Available data>

++++

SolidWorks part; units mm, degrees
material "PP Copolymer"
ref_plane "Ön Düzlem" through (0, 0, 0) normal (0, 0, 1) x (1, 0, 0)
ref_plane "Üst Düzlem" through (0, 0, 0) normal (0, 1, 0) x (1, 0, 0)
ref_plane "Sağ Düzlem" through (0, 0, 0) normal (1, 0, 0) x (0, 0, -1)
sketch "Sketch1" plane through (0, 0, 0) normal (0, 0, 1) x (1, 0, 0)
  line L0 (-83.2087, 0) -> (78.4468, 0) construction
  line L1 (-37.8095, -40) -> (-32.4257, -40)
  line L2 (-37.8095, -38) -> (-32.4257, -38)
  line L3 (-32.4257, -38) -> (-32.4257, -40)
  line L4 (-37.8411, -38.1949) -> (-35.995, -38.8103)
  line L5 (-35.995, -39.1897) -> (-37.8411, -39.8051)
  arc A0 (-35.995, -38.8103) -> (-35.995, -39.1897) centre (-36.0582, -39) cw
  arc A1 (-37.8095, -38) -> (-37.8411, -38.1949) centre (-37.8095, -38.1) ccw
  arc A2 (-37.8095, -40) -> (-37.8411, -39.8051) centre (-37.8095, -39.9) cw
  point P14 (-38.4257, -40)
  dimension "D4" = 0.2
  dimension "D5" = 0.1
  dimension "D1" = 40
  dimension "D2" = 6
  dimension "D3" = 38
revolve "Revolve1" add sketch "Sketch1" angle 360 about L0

++++

Work instructions> For the span from the line containing "line L2 (-37.8095, -38) -> (-32.4257, -38)" through the last line of the entries above, transcribe each line exactly and leave out everything else.

The completed task>
  line L2 (-37.8095, -38) -> (-32.4257, -38)
  line L3 (-32.4257, -38) -> (-32.4257, -40)
  line L4 (-37.8411, -38.1949) -> (-35.995, -38.8103)
  line L5 (-35.995, -39.1897) -> (-37.8411, -39.8051)
  arc A0 (-35.995, -38.8103) -> (-35.995, -39.1897) centre (-36.0582, -39) cw
  arc A1 (-37.8095, -38) -> (-37.8411, -38.1949) centre (-37.8095, -38.1) ccw
  arc A2 (-37.8095, -40) -> (-37.8411, -39.8051) centre (-37.8095, -39.9) cw
  point P14 (-38.4257, -40)
  dimension "D4" = 0.2
  dimension "D5" = 0.1
  dimension "D1" = 40
  dimension "D2" = 6
  dimension "D3" = 38
revolve "Revolve1" add sketch "Sketch1" angle 360 about L0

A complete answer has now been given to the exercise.